• **Exercise brief**
What lines below contain the string "copper"? List them all.

*** Task data ***

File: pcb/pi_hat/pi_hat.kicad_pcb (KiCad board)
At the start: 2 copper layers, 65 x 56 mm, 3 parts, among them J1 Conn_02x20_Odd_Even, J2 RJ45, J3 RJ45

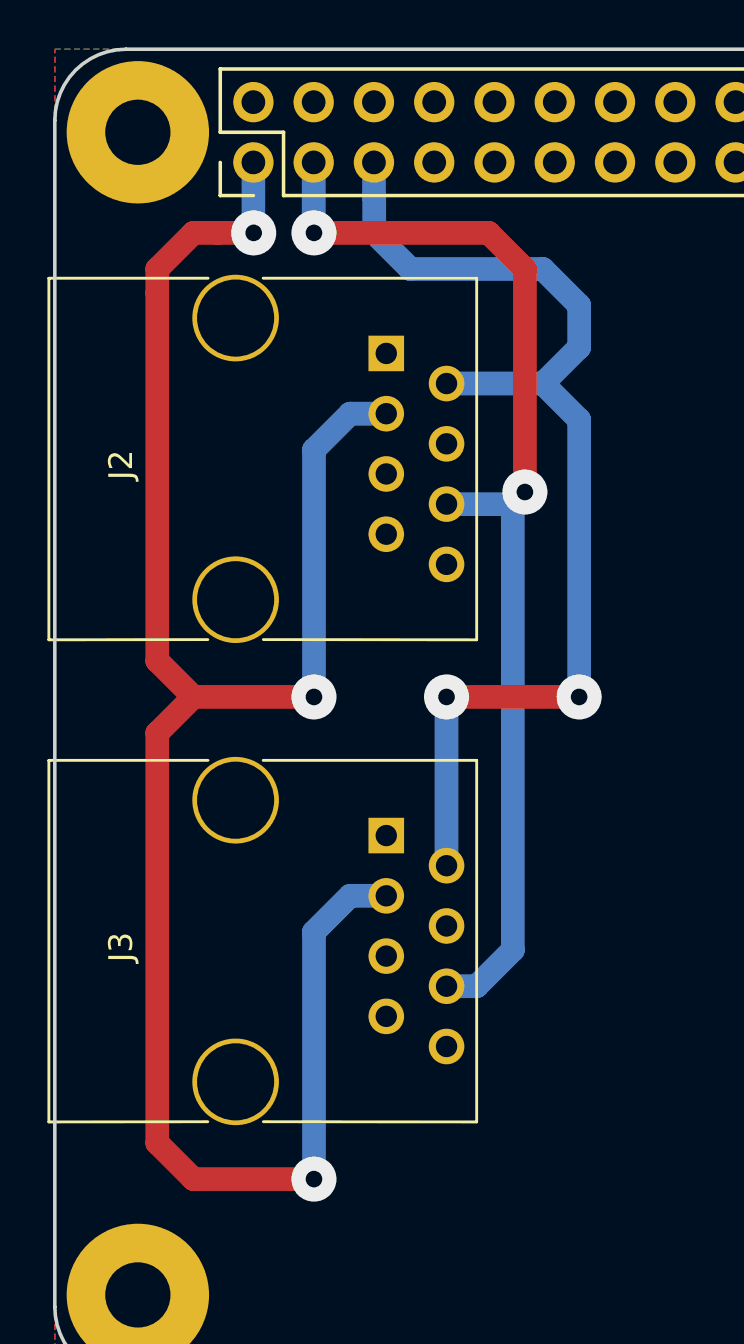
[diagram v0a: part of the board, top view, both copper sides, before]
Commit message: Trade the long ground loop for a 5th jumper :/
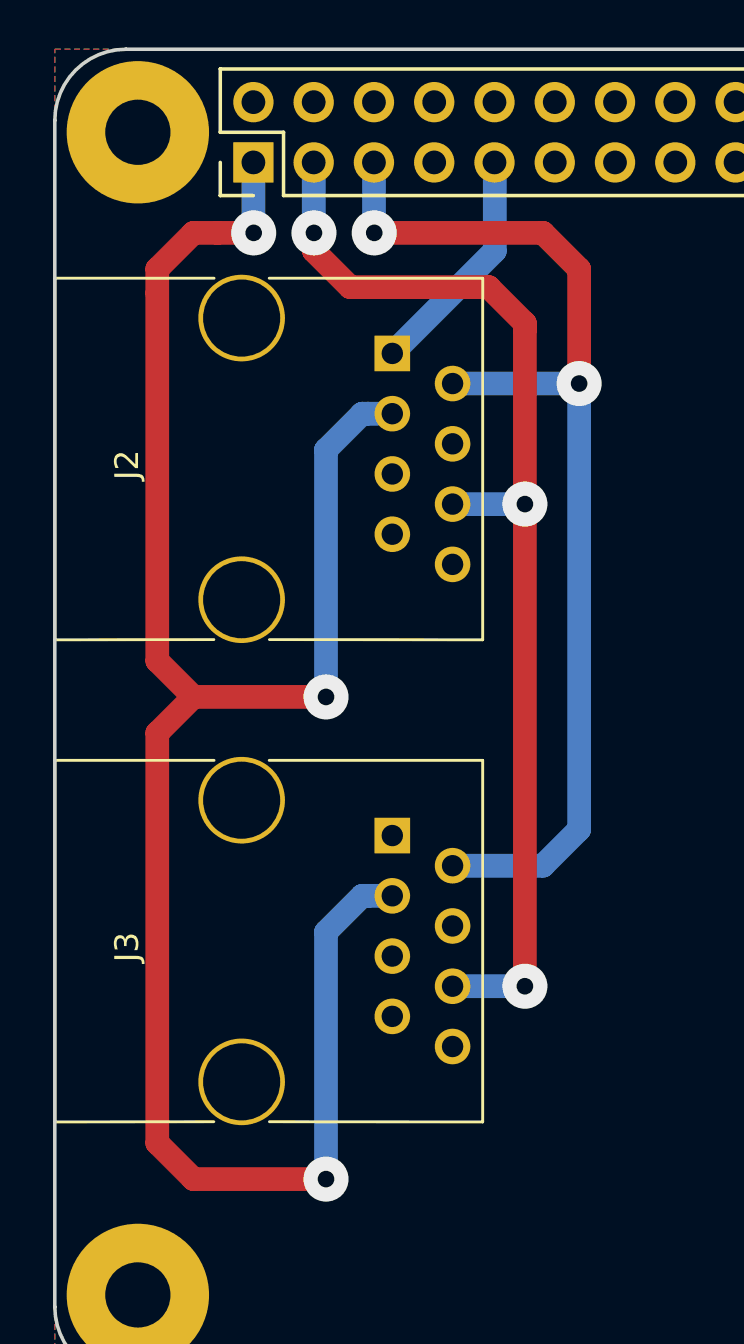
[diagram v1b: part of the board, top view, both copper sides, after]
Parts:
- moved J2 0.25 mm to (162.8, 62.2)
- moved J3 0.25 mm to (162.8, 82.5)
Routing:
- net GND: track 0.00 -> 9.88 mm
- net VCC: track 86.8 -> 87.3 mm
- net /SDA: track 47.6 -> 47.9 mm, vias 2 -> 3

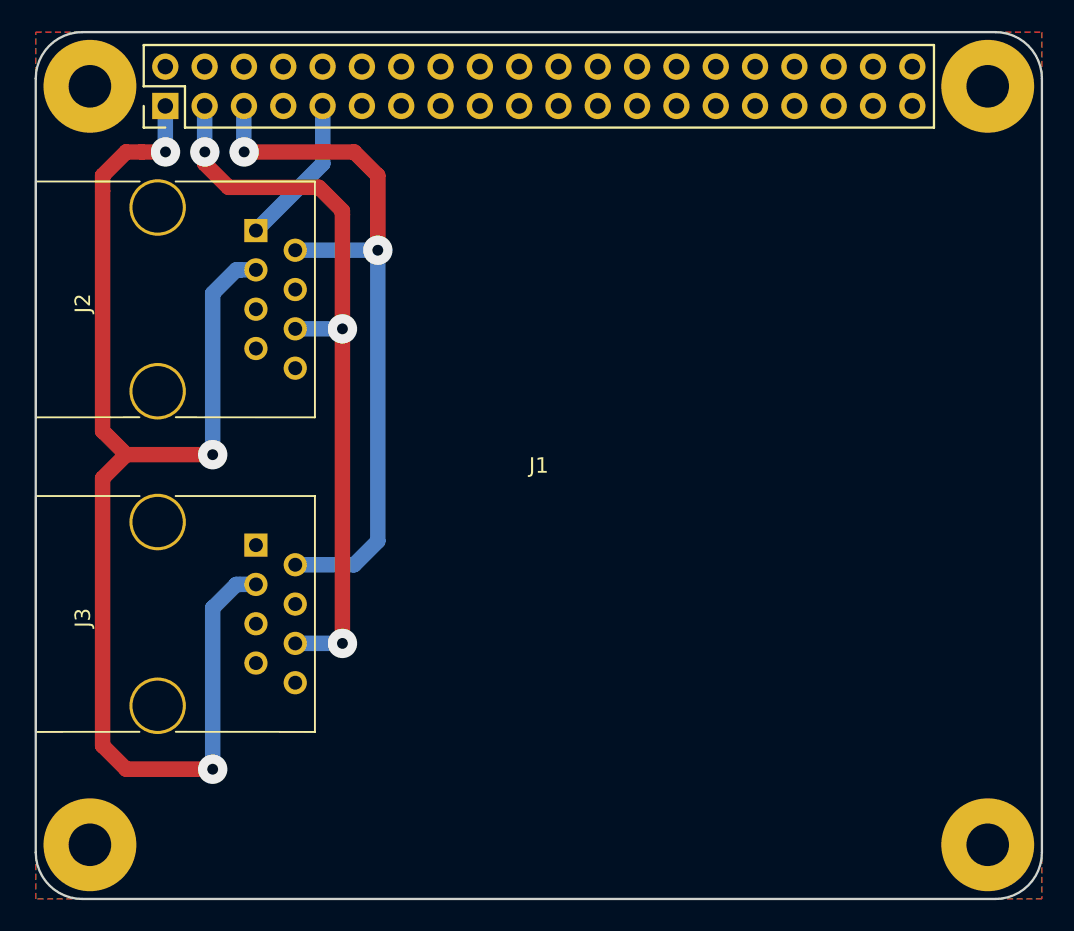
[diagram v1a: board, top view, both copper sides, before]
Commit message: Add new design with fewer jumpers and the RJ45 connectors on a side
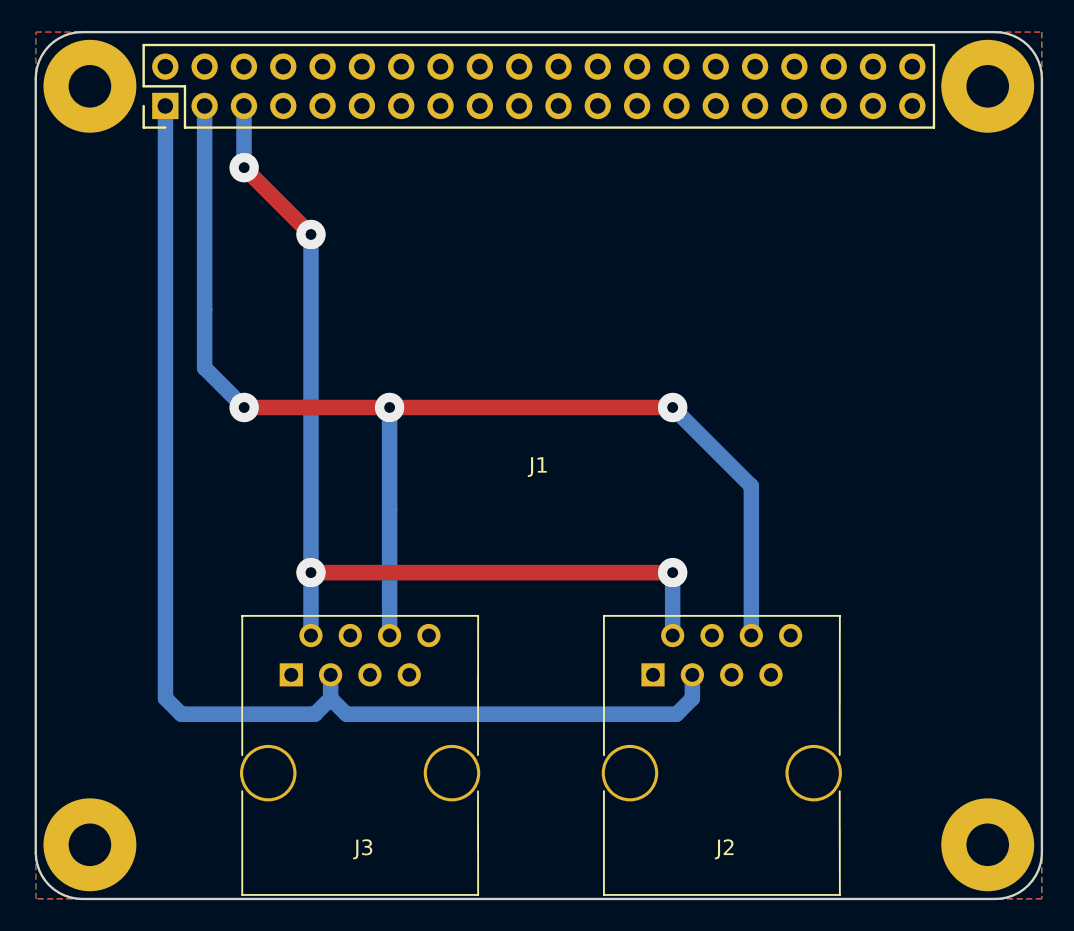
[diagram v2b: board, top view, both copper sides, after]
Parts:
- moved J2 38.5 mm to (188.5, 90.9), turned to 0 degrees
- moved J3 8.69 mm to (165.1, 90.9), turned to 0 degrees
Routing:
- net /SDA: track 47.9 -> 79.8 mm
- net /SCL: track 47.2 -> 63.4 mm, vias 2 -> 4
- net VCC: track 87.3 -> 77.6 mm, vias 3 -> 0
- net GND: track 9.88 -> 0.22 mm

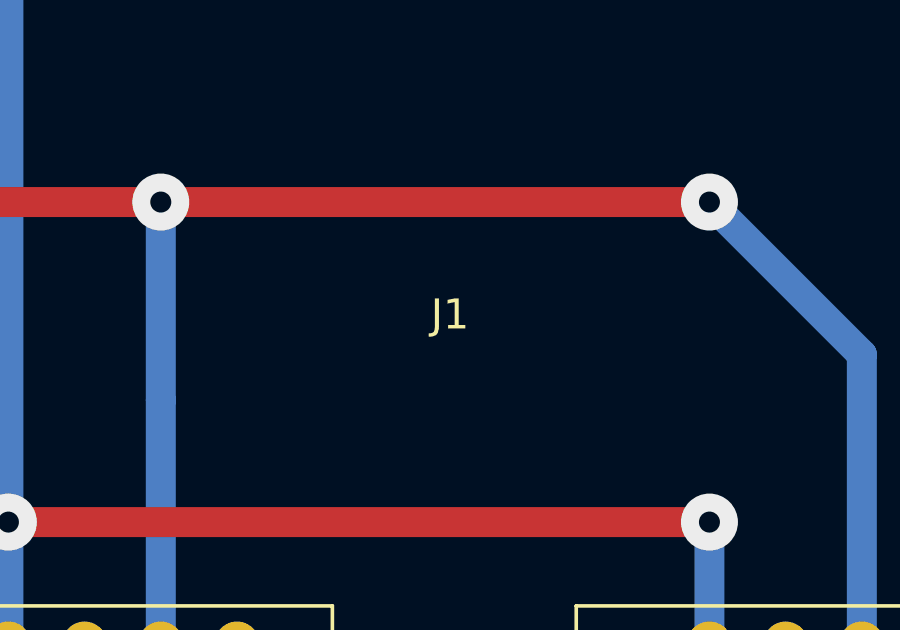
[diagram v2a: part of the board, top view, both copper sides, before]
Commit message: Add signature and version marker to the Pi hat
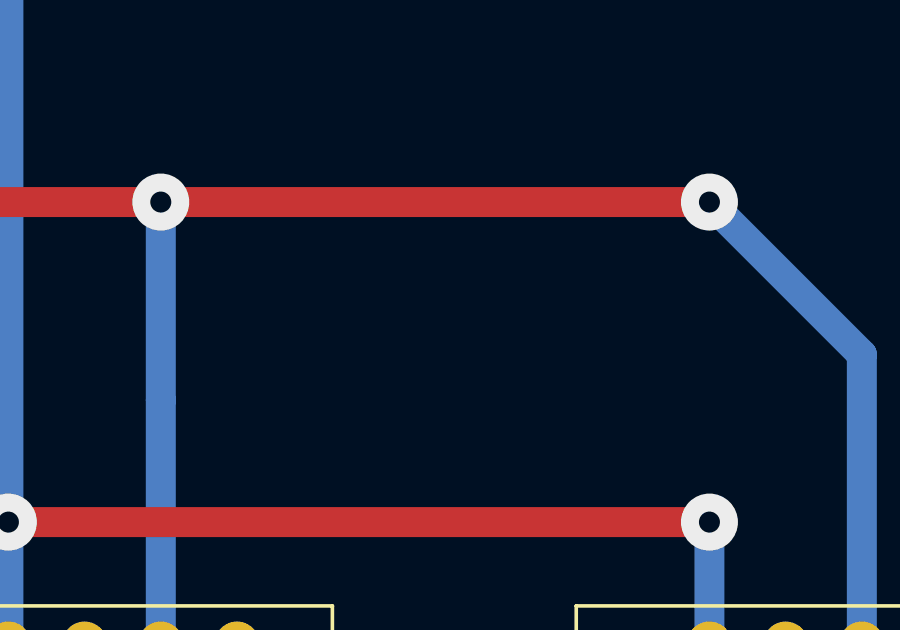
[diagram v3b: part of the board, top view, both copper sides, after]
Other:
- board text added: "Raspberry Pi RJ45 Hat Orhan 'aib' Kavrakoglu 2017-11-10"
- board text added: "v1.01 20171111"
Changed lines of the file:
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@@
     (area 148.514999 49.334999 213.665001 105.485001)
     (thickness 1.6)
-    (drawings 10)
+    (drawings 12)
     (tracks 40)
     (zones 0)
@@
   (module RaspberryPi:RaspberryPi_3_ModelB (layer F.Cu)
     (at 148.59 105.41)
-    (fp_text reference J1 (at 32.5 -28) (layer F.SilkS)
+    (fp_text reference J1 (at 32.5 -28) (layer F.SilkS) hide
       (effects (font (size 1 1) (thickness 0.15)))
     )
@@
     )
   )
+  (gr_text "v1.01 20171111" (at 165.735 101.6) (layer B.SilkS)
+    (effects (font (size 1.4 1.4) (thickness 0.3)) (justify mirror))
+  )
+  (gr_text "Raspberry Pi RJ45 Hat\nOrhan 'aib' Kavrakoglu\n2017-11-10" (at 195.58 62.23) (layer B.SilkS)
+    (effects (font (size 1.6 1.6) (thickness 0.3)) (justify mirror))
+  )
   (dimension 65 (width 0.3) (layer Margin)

*** End of Task data ***

• **Response**
At the start: 2 copper layers, 65 x 56 mm, 3 parts, among them J1 Conn_02x20_Odd_Even, J2 RJ45, J3 RJ45
[diagram v0a: part of the board, top view, both copper sides, before]
[diagram v1b: part of the board, top view, both copper sides, after]
[diagram v1a: board, top view, both copper sides, before]
[diagram v2b: board, top view, both copper sides, after]
[diagram v2a: part of the board, top view, both copper sides, before]
[diagram v3b: part of the board, top view, both copper sides, after]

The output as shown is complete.